> Task:
Every line containing "color" should be identified and copied from the data below.

Collected data entries
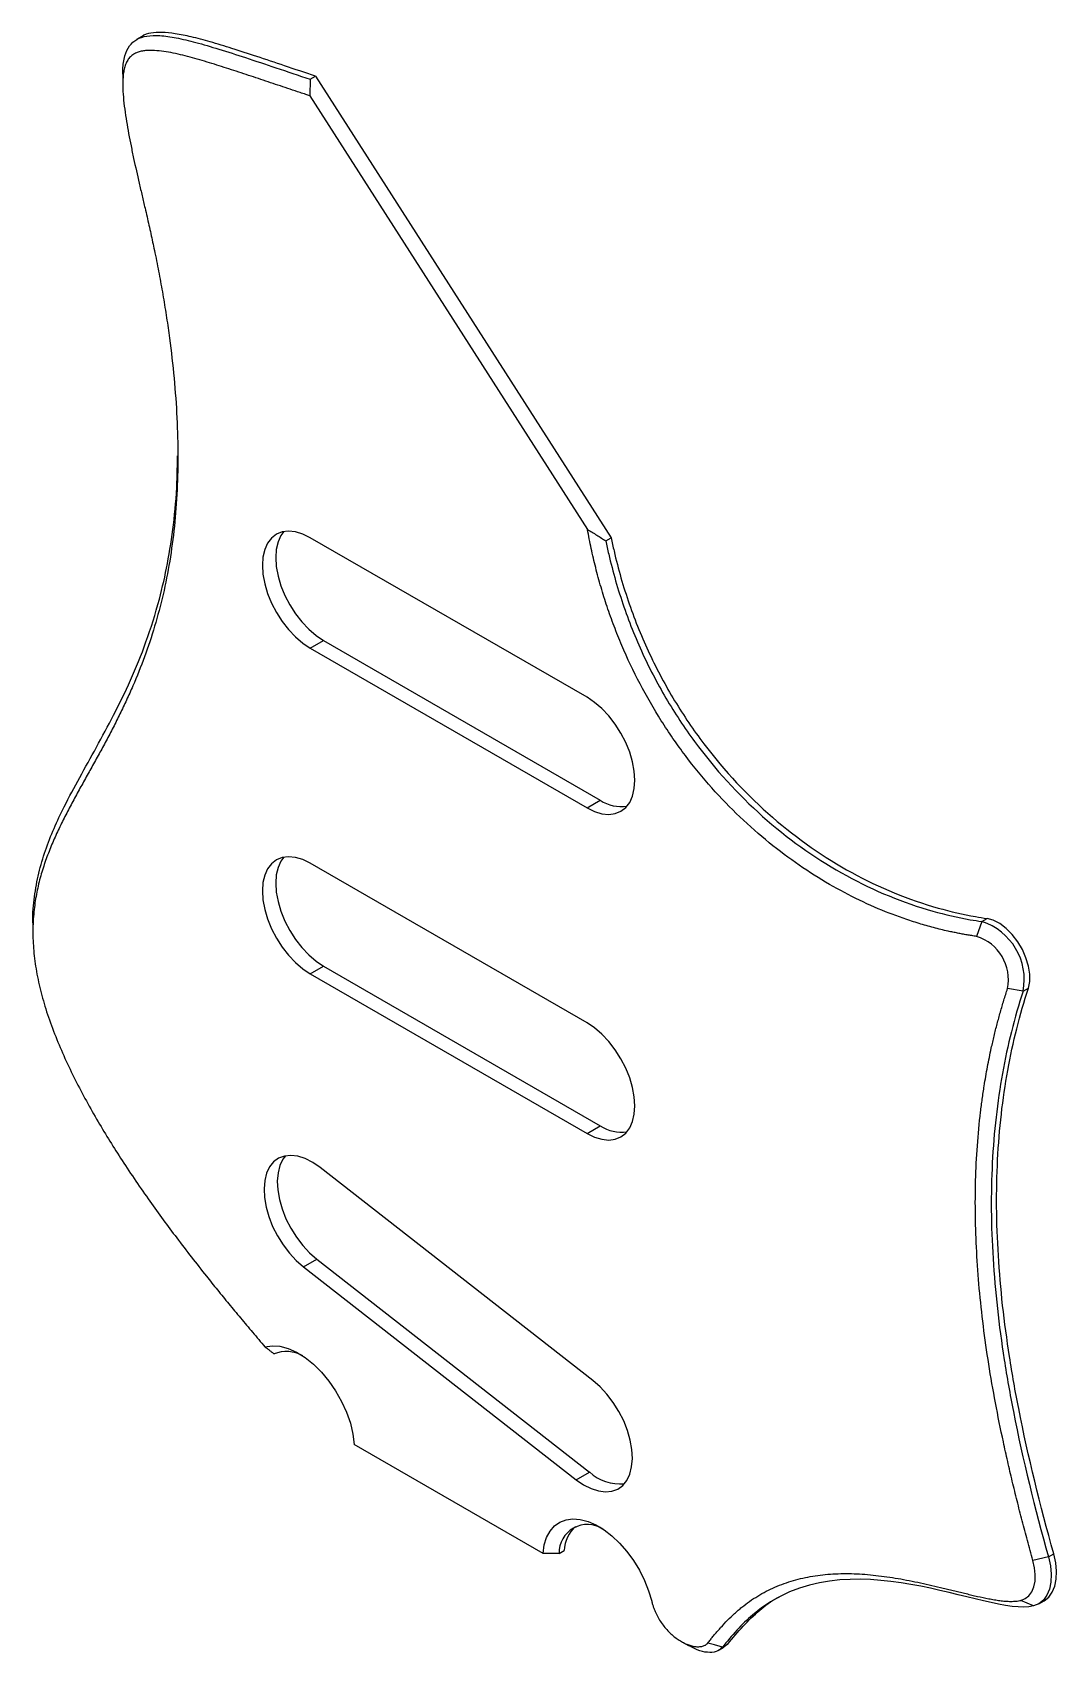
# Paper-space layout '_Isométrique' of a CAD drawing. Header units: millimetres. Extents: x -57 to 79, y -221 to -6.
import ezdxf

# ---------------------------------------------------------------- set-up
doc = ezdxf.new("R2010")
doc.units = ezdxf.units.MM

psp = doc.layouts.new('_Isométrique')

# ---------------------------------------------------------------- linework, layer by layer
at = {"color": 7, "linetype": 'Continuous', "lineweight": 25}
for p, q in [((-42.53, -6.67), (-43.24, -7.08)), ((-45.07, -11.8), (-45.07, -13.03)), ((-20.17, -12.35), (-20.21, -14.55)), ((-20.17, -12.35), (-19.46, -11.94)), ((-19.46, -11.94), (19.83, -73.32)), ((-20.21, -14.55), (16.68, -72.18)), ((16.62, -94.51), (-20.15, -73.29)), ((19.12, -73.72), (19.83, -73.32)), ((-20.15, -87.98), (-18.38, -86.96)), ((-20.15, -87.98), (16.62, -109.21)), ((-18.38, -86.96), (18.38, -108.19)), ((16.62, -109.21), (18.38, -108.19)), ((16.62, -137.79), (-20.15, -116.56)), ((-57.01, -124.49), (-57.01, -125.71)), ((69.07, -124.31), (68.37, -126.28)), ((69.06, -124.31), (69.77, -123.9)), ((-20.15, -131.26), (-18.38, -130.24)), ((-20.15, -131.26), (16.62, -152.49)), ((-18.38, -130.24), (18.38, -151.47)), ((74.56, -133.57), (72.49, -133.23)), ((74.56, -133.57), (75.27, -133.16)), ((16.62, -152.49), (18.38, -151.47)), ((17.38, -185.3), (-18.83, -157.02)), ((-21.04, -170.22), (-19.27, -169.2)), ((-19.27, -169.2), (16.94, -197.48)), ((-21.04, -170.22), (15.17, -198.5)), ((10.77, -208.31), (-14.31, -193.83)), ((15.17, -198.5), (16.94, -197.48)), ((12.9, -208.31), (13.6, -207.9)), ((77.92, -208.76), (75.87, -209.24)), ((77.92, -208.76), (78.63, -208.35)), ((75.95, -215.28), (74.27, -214.54)), ((76.65, -215), (77.35, -214.59)), ((29.12, -219.99), (30.18, -220.6)), ((34.14, -221.17), (34.85, -220.76)), ((34.62, -220.78), (35.32, -220.37)), ((35.32, -220.37), (34.82, -220.71))]:
    psp.add_line(p, q, dxfattribs=at)
at = {"color": 7, "linetype": 'Continuous', "lineweight": 25, "flags": 128}
for points in [[(-20.15, -73.29), (-21.15, -72.8), (-22.12, -72.51), (-23.04, -72.42), (-23.89, -72.53), (-24.65, -72.84), (-25.3, -73.34), (-25.82, -74.03), (-26.21, -74.87), (-26.44, -75.86), (-26.52, -76.96), (-26.44, -78.16), (-26.21, -79.41), (-25.82, -80.7), (-25.3, -81.98), (-24.65, -83.23), (-23.89, -84.42), (-23.04, -85.51), (-22.12, -86.49), (-21.15, -87.32), (-20.15, -87.98)], [(-23.68, -72.48), (-24.06, -73), (-24.44, -73.85), (-24.67, -74.84), (-24.75, -75.94), (-24.67, -77.14), (-24.44, -78.39), (-24.06, -79.68), (-23.53, -80.96), (-22.88, -82.21), (-22.13, -83.4), (-21.27, -84.49), (-20.35, -85.47), (-19.38, -86.3), (-18.38, -86.96)], [(16.62, -109.21), (17.61, -109.69), (18.58, -109.99), (19.51, -110.08), (20.36, -109.97), (21.12, -109.66), (21.77, -109.15), (22.29, -108.47), (22.67, -107.63), (22.9, -106.64), (22.98, -105.54), (22.9, -104.34), (22.67, -103.08), (22.29, -101.8), (21.77, -100.51), (21.12, -99.26), (20.36, -98.08), (19.51, -96.98), (18.58, -96.01), (17.61, -95.18), (16.62, -94.51)], [(-20.15, -116.56), (-21.15, -116.08), (-22.12, -115.79), (-23.04, -115.7), (-23.89, -115.81), (-24.65, -116.12), (-25.3, -116.62), (-25.82, -117.3), (-26.21, -118.15), (-26.44, -119.13), (-26.52, -120.24), (-26.44, -121.43), (-26.21, -122.69), (-25.82, -123.97), (-25.3, -125.26), (-24.65, -126.51), (-23.89, -127.7), (-23.04, -128.79), (-22.12, -129.77), (-21.15, -130.6), (-20.15, -131.26)], [(-23.68, -115.76), (-24.06, -116.28), (-24.44, -117.13), (-24.67, -118.11), (-24.75, -119.22), (-24.67, -120.41), (-24.44, -121.67), (-24.06, -122.95), (-23.53, -124.24), (-22.88, -125.49), (-22.13, -126.68), (-21.27, -127.77), (-20.35, -128.75), (-19.38, -129.57), (-18.38, -130.24)], [(75.27, -133.16), (75.45, -132.29), (75.45, -131.31), (75.28, -130.24), (74.94, -129.13), (74.46, -128.03), (73.84, -126.99), (73.11, -126.04), (72.31, -125.23), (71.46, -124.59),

> Result for this task:
at = {"color": 7, "linetype": 'Continuous', "lineweight": 25}
at = {"color": 7, "linetype": 'Continuous', "lineweight": 25, "flags": 128}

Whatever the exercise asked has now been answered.